Our roundup of readers' opinions reveals that rates are steady, though we may yet see the market turn this year.
Rates remain stable overall according to 40% of readers this month, a further 33% seeing prices rising as compared to 20% last month. The remaining 27% are seeing prices continuing to fall, down 17% from May.
We asked readers if they believe we will see the reinsurance market turn this year: 58% believed it is possible though there would have to be a number of major events to turn the market; a more optimistic 31% believed that the market will definitely turn. The remaining 11% believe that the speculation among brokers that rates would rise is greatly exaggerated.
Since the merger between Max and Harbor Point was announced, the Bermuda market in particular has been abuzz with merger and acquisition rumours; investment bankers' tongues have been in overdrive.
For this month's survey, we asked if you are currently engaged in any conversations about a potential merger or acquisition (M&A). Only 15% of respondents are currently discussing a potential deal, whereas 45% are not considering a move. A further 16% did not want to let us know if they were engaged in discussions (Ed: how coy), with the remaining 24% not in a position to be included in such discussions.
We also asked if claims costs from first- quarter catastrophes could dampen M&A activity in the market: 8% believed it would because there is not enough excess capital; 62% said 'maybe' but that claims costs seen so far are not big enough to make much difference. The final 30% do not believe claims costs will make a difference because 'claims costs for reinsurers have been miniscule in the big scale of things and will mostly only hit Bermuda anyway'.
On the potential effect of proposed US financial reforms on reinsurance, 18% believed that the reforms could have a large negative impact because the industry is likely to be hit by restrictions.
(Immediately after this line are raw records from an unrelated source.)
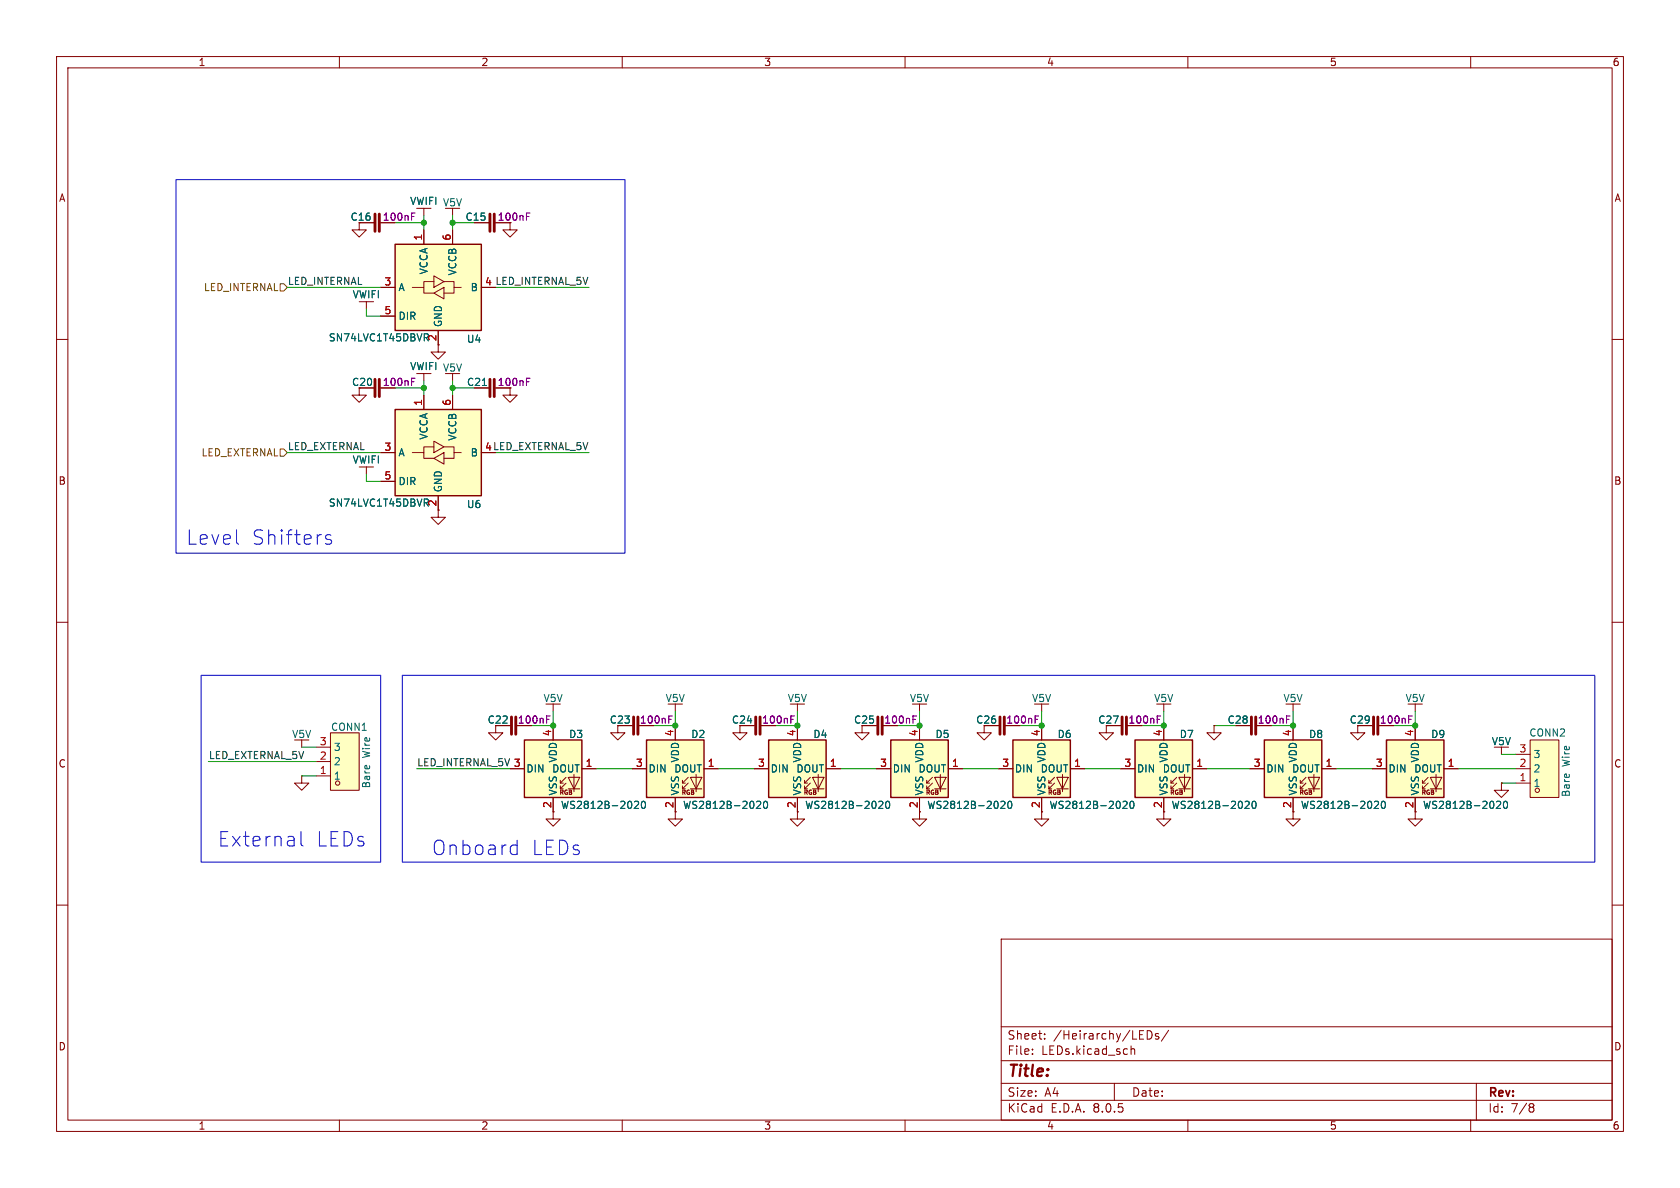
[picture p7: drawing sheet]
<svg xmlns="http://www.w3.org/2000/svg" width="297mm" height="210mm" viewBox="0 0 297 210" stroke-linecap="round" stroke-linejoin="round" font-family="sans-serif">
<g fill="none" stroke="#840000" stroke-width=".18">
<path d="M10 10h277v190h-277zM12 12h273v186h-273zM60 10v2M110 10v2M160 10v2M210 10v2M260 10v2M10 60h2M285 60h2M10 110h2M285 110h2M218.4 128.3h2.6"/>
<path d="M10 160h2M162.6 143.5v1.3h1.2l-1.2 1.3-1.3-1.3h1.3M285 160h2M177 166h108v32h-108zM60 198v2M110 198v2M160 198v2M177 194.5h108M177 191.5h108M177 187.5h108M177 181.5h108M182.5 186.3v.1"/>
<path d="M182.5 185.5v.1M184.7 183.6v.1M184.7 182.8v.1M197 191.5v3M200 184.9v1.5M200 185.5l.2-.1 .3 .1 .1 .9M202.8 182.2a.76 .76 0 0 1 .9 .7 .76 .76 0 0 1-.9 .8zM204.8 182.8l-.3-.1-.3 .2 .1 .2 .5 .2v.3h-.6M206.6 182.1l-1.3 2M210 198v2M260 198v2M261 191.5v6.5"/>
<path d="M270.6 195.1h.3l.3 .3-.3 .3M270.6 195.7h.3M270.9 195.7l.2 .2 .1 .4-.3 .3h-.3"/>
</g>
<path d="M221.2 126.7v3.1M222 126.7v3.1" fill="none" stroke="#840000" stroke-width=".51"/>
<path d="M227.4 127.2h.5M227.4 126.6h.6" fill="none" stroke="#840084" stroke-width=".18"/>
<path d="M92.7 130.8h10.2v10.2h-10.2z" fill="#ffffc2"/>
<g fill="none" stroke="#840000" stroke-width=".18">
<path d="M90.2 128.3h-2.6v1.2h1.3l-1.3 1.3-1.2-1.3h1.2M90.2 135.9h2.5M97.8 124.5v1.2M97.8 128.3v2.5M99.1 139.4h.5M99.1 138.4h.5M100.1 138.4l-1 1v-.5M100.1 137.4l-1 1v-.5M100.5 137.4h2l-1 2zM100.5 139.4h2M101.5 136.9v3.1M102.9 135.9h2.5"/>
<path d="M119.4 124.5v1.2M152.4 128.3v1.2h1.3l-1.3 1.3-1.3-1.3h1.3M198.1 128.3h-2.5v1.2h1.2l-1.2 1.3-1.3-1.3h1.3M214.6 128.3v1.2h1.3l-1.3 1.3-1.2-1.3h1.2M214.6 128.3h.1M97.8 141v3.8h1.3l-1.3 1.3-1.3-1.3h1.3"/>
</g>
<path d="M92.7 130.8h10.2v10.2h-10.2z" fill="none" stroke="#840000" stroke-width=".25"/>
<path d="M112.2 141.8l.5-.2 .2 .4-.8 .9h.8M113.5 141.8l.2-.2a.68 .68 0 0 1 .4 .7 .68 .68 0 0 1-.4 .6l-.2-.1-.1-.4z" fill="none" stroke="#006464" stroke-width=".18"/>
<path d="M90.4 126.7v3.1M91.2 126.7v3.1M198.4 126.7v3.1M199.1 126.7v3.1" fill="none" stroke="#840000" stroke-width=".51"/>
<path d="M96.6 127.2h.5M96.6 126.6h.6M204.6 127.2h.4M204.6 126.6h.6" fill="none" stroke="#840084" stroke-width=".18"/>
<path d="M200.7 130.8h10.1v10.2h-10.1z" fill="#ffffc2"/>
<path d="M198.1 135.9h2.6M205.7 128.3v2.5M207 139.4h.5M207 138.4h.5M208 138.4l-1 1v-.5M208 137.4l-1 1v-.5M208.4 137.4h2l-1 2zM208.4 139.4h2M209.4 136.9v3.1M210.8 135.9h2.6M205.7 141v2.5" fill="none" stroke="#840000" stroke-width=".18"/>
<path d="M200.7 130.8h10.1v10.2h-10.1z" fill="none" stroke="#840000" stroke-width=".25"/>
<path d="M220.1 141.8l.5-.2 .2 .4-.7 .9h.7M221.5 141.8l.1-.2a.68 .68 0 0 1 .5 .7 .68 .68 0 0 1-.5 .6l-.1-.1-.2-.4z" fill="none" stroke="#006464" stroke-width=".18"/>
<path d="M245.1 130.8h10.2v10.2h-10.2z" fill="#ffffc2"/>
<g fill="none" stroke="#840000" stroke-width=".18">
<path d="M174 128.3v1.2h1.3l-1.3 1.3-1.3-1.3h1.3M240 128.3v1.2h1.3l-1.3 1.3-1.2-1.3h1.2M242.6 135.9h2.5M250.2 124.5v1.2M250.2 128.3v2.5M251.5 139.4h.5M251.5 138.4h.5M252.5 138.4l-1 1v-.5M252.5 137.4l-1 1v-.5M252.9 137.4h2l-1 2zM252.9 139.4h2M253.9 136.9v3.1"/>
<path d="M255.3 135.9h2.5M250.2 141v2.5"/>
</g>
<path d="M245.1 130.8h10.2v10.2h-10.2z" fill="none" stroke="#840000" stroke-width=".25"/>
<path d="M264.6 141.8l.5-.2 .2 .4-.8 .9h.8M266 141.7l.1-.1a.68 .68 0 0 1 .4 .7 .68 .68 0 0 1-.4 .6 .85 .85 0 0 1-.1-1.2z" fill="none" stroke="#006464" stroke-width=".18"/>
<path d="M157.5 130.8h10.1v10.2h-10.1z" fill="#ffffc2"/>
<g fill="none" stroke="#840000" stroke-width=".18">
<path d="M141 124.5v1.2M154.9 135.9h2.6M162.6 124.5v1.2M162.6 128.3v2.5M163.8 139.4h.5M163.8 138.4h.5M164.8 138.4l-1 1v-.5M164.8 137.4l-1 1v-.5M165.2 137.4h2.1l-1.1 2zM165.2 139.4h2.1M166.2 136.9v3.1M167.6 135.9h2.6"/>
<path d="M174 128.3h2.5M141 143.5v1.3h1.2l-1.2 1.3-1.3-1.3h1.3M162.6 141v2.5M250.2 143.5v1.3h1.3l-1.3 1.3-1.3-1.3h1.3"/>
</g>
<path d="M157.5 130.8h10.1v10.2h-10.1z" fill="none" stroke="#840000" stroke-width=".25"/>
<path d="M176.9 141.8l.5-.2 .3 .4-.8 .9h.8M178.3 141.8l.2-.2a.68 .68 0 0 1 .4 .7 .68 .68 0 0 1-.4 .6l-.2-.1-.1-.4z" fill="none" stroke="#006464" stroke-width=".18"/>
<path d="M176.8 126.7v3.1M177.5 126.7v3.1" fill="none" stroke="#840000" stroke-width=".51"/>
<path d="M183 127.2h.4M183 126.6h.6" fill="none" stroke="#840084" stroke-width=".18"/>
<path d="M114.3 130.8h10.2v10.2h-10.2z" fill="#ffffc2"/>
<path d="M111.8 135.9h2.5M119.4 128.3v2.5M120.6 139.4h.6M120.6 138.4h.6M121.7 138.4l-1.1 1v-.5M121.7 137.4l-1.1 1v-.5M122 137.4h2.1l-1 2zM122 139.4h2.1M123.1 136.9v3.1M124.5 135.9h2.5M119.4 141v2.5" fill="none" stroke="#840000" stroke-width=".18"/>
<path d="M114.3 130.8h10.2v10.2h-10.2z" fill="none" stroke="#840000" stroke-width=".25"/>
<path d="M133.8 141.8l.4-.2 .3 .4-.8 .9h.8M135.1 141.8l.2-.2a.68 .68 0 0 1 .4 .7 .68 .68 0 0 1-.4 .6l-.2-.1-.1-.4z" fill="none" stroke="#006464" stroke-width=".18"/>
<path d="M135.9 130.8h10.1v10.2h-10.1z" fill="#ffffc2"/>
<g fill="none" stroke="#840000" stroke-width=".18">
<path d="M130.8 128.3h2.5M133.3 135.9h2.6M141 128.3v2.5M142.2 139.4h.5M142.2 138.4h.5M143.3 138.4l-1.1 1v-.5M143.3 137.4l-1.1 1v-.5M143.6 137.4h2.1l-1 2zM143.6 139.4h2.1M144.7 136.9v3.1M146 135.9h2.6M184.1 124.5v1.2"/>
<path d="M141 141v2.5"/>
</g>
<path d="M135.9 130.8h10.1v10.2h-10.1z" fill="none" stroke="#840000" stroke-width=".25"/>
<path d="M155.4 141.8l.4-.2 .3 .4-.8 .9h.8M156.7 141.8l.2-.2a.68 .68 0 0 1 .4 .7 .68 .68 0 0 1-.4 .6l-.2-.1-.1-.4z" fill="none" stroke="#006464" stroke-width=".18"/>
<path d="M133.6 126.7v3.1M134.4 126.7v3.1" fill="none" stroke="#840000" stroke-width=".51"/>
<path d="M139.8 127.2h.4M139.8 126.6h.6" fill="none" stroke="#840084" stroke-width=".18"/>
<path d="M179.1 130.8h10.1v10.2h-10.1z" fill="#ffffc2"/>
<path d="M152.4 128.3h2.5M176.5 135.9h2.6M184.1 128.3v2.5M185.4 139.4h.5M185.4 138.4h.5M186.4 138.4l-1 1v-.5M186.4 137.4l-1 1v-.5M186.8 137.4h2l-1 2zM186.8 139.4h2M187.8 136.9v3.1M189.2 135.9h2.6M184.1 141v3.8h1.3l-1.3 1.3-1.2-1.3h1.2" fill="none" stroke="#840000" stroke-width=".18"/>
<path d="M179.1 130.8h10.1v10.2h-10.1z" fill="none" stroke="#840000" stroke-width=".25"/>
<path d="M198.5 141.8l.5-.2 .3 .4-.8 .9h.8M199.9 141.8l.1-.2a.68 .68 0 0 1 .5 .7 .68 .68 0 0 1-.5 .6l-.1-.1-.2-.4z" fill="none" stroke="#006464" stroke-width=".18"/>
<path d="M155.2 126.7v3.1M156 126.7v3.1" fill="none" stroke="#840000" stroke-width=".51"/>
<path d="M161.4 127.2h.4M161.4 126.6h.6" fill="none" stroke="#840084" stroke-width=".18"/>
<path d="M270.5 130.8h5.1v10.2h-5.1z" fill="#ffffc2"/>
<g fill="none" stroke="#840000" stroke-width=".18">
<path d="M111.8 128.3h-2.6v1.2h1.3l-1.3 1.3-1.3-1.3h1.3M130.8 128.3v1.2h1.3l-1.3 1.3-1.3-1.3h1.3M205.7 124.5v1.2M240 128.3h2.6M265.4 138.4v1.3h1.3l-1.3 1.3-1.2-1.3h1.2M265.4 138.4h.1M265.4 132.1v1.3M268 138.4h2.5M268 135.9h2.5M268 133.4h2.5M270.5 130.8h5.1v10.2h-5.1zM119.4 143.5v1.3h1.2l-1.2 1.3-1.3-1.3h1.3"/>
<path d="M205.7 143.5v1.3h1.3l-1.3 1.3-1.2-1.3h1.2"/>
<circle cx="271.8" cy="139.7" r=".38"/>
</g>
<path d="M112 126.7v3.1M112.8 126.7v3.1M242.8 126.7v3.1M243.6 126.7v3.1" fill="none" stroke="#840000" stroke-width=".51"/>
<path d="M118.2 127.2h.4M118.2 126.6h.6M249 127.2h.5M249 126.6h.6" fill="none" stroke="#840084" stroke-width=".18"/>
<path d="M58.4 129.5h5.1v10.2h-5.1z" fill="#ffffc2"/>
<g fill="none" stroke="#840000" stroke-width=".18">
<path d="M66.3 39.4h-2.8v1.2h1.3l-1.3 1.3-1.3-1.3h1.3M74.9 36.8v1.3M80 36.8v1.3M83.8 39.4h2.8M90.2 39.4v1.2h1.2l-1.2 1.3-1.3-1.3h1.3M64.8 53.3v1.3M77.5 61v1.2h1.2l-1.2 1.3-1.3-1.3h1.3M80 66v1.3M83.8 68.6h2.8M90.2 68.6v1.3h1.2l-1.2 1.2-1.3-1.2h1.3M53.3 137.2v1.2h1.3l-1.3 1.3-1.2-1.3h1.2M53.3 137.2h.1"/>
<path d="M53.3 130.8v1.3M55.9 137.2h2.5M55.9 134.6h2.5M55.9 132.1h2.5M58.4 129.5h5.1v10.2h-5.1z"/>
<circle cx="59.7" cy="138.4" r=".38"/>
</g>
<path d="M66.3 37.8v3.1M67.1 37.8v3.1M86.6 37.8v3.1M87.4 37.8v3.1M86.6 67.1v3M87.4 67.1v3" fill="none" stroke="#840000" stroke-width=".51"/>
<path d="M85.3 68.1h.7" fill="none" stroke="#006464" stroke-width=".18"/>
<path d="M72.8 38.3h.4M72.8 37.7h.6M93.1 38.3h.4M93.1 37.7h.6M93.1 67.5h.4M93.1 66.9h.6" fill="none" stroke="#840084" stroke-width=".18"/>
<path d="M69.8 43.2h15.3v15.2h-15.3z" fill="#ffffc2"/>
<path d="M69.8 43.2h15.3v15.2h-15.3z" fill="none" stroke="#840000" stroke-width=".25"/>
<g fill="none" stroke="#840000" stroke-width=".18">
<path d="M67.3 50.8h2.5M67.3 55.9h2.5M72.9 50.8h2v1h1.8M74.9 40.6v2.6M76.7 49.8h-1.8v1M76.7 48.8l1.8 1-1.8 1zM76.7 51.8l1.8-1v2zM77.5 58.4v2.6M78.5 49.8h1.8v1h1.2M80 40.6v2.6M80.3 50.8v1h-1.8M74.9 66v1.3"/>
<path d="M77.5 90.2v1.2h1.2l-1.2 1.3-1.3-1.3h1.3"/>
</g>
<path d="M75 59h.5M75 59.7h.5M75.3 59.7l.4 .6" fill="none" stroke="#006464" stroke-width=".18"/>
<path d="M69.8 72.4h15.3v15.2h-15.3z" fill="#ffffc2"/>
<path d="M69.8 72.4h15.3v15.2h-15.3z" fill="none" stroke="#840000" stroke-width=".25"/>
<g fill="none" stroke="#840000" stroke-width=".18">
<path d="M66.3 68.6h-2.8v1.3h1.3l-1.3 1.2-1.3-1.2h1.3M74.9 69.9v2.5M76.7 79h-1.8v1M76.7 78l1.8 1-1.8 1zM78.5 79h1.8v1h1.2M80 69.9v2.5M64.8 82.6v1.2M67.3 80h2.5M67.3 85.1h2.5M72.9 80h2v1h1.8M76.7 81l1.8-1v2zM77.5 87.6v2.6"/>
<path d="M80.3 80v1h-1.8"/>
</g>
<path d="M75 88.2h.5M75 88.9h.5M75.3 88.9l.4 .6" fill="none" stroke="#006464" stroke-width=".18"/>
<path d="M66.3 67.1v3M67.1 67.1v3" fill="none" stroke="#840000" stroke-width=".51"/>
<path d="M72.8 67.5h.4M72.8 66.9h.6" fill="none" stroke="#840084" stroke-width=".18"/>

Meanwhile, 29% believe the industry could feel some fallout from the reforms but that the market will not be too badly affected, while one-fifth said that the reforms will have a positive effect because of changed capital regulations; 7% said that reform would not affect the reinsurance industry because it is aimed at the banking sector only. The remaining 26% do not have operations in the US.
Even those who believed the industry could be adversely affected by US financial reform still believed it to be a positive development. One reader explained: "I agree with financial reforms because they will afford more customer confidence even if there is a negative impact in the short term."
Following our Bermuda Reinsurance Club event, we asked readers if they thought the Bermuda Insurance Exchange proposal, revealed in panel discussions at the event, would work. Just over one-quarter (26%) thought that it could; a further 41% said it could work but they expressed doubts because there is already an unofficial exchange with everyone on the island being situated so close together. The remaining 33% believed there is no way it could work.
Conversations for the past few months in the UK were fixed on the general election, which resulted in a hung parliament and the eventual formation of a Conservative and Liberal Democrat coalition. Tory leader David Cameron became Prime Minister with Liberal Democrat counterpart Nick Clegg becoming deputy.
Of our UK readers, 36% voted for the Conservatives, another 25% for the Liberal Democrats and 14% for the defeated Labour administration. The remaining 25% voted for minority parties or independent candidates or else abstained; one reader said that they had registered but did not vote "to show my disappointment with them all".
Congratulations to Robert P Hodson, senior vice-president at Guy Carpenter, who was the winner of this month's coveted bottle of bubbly.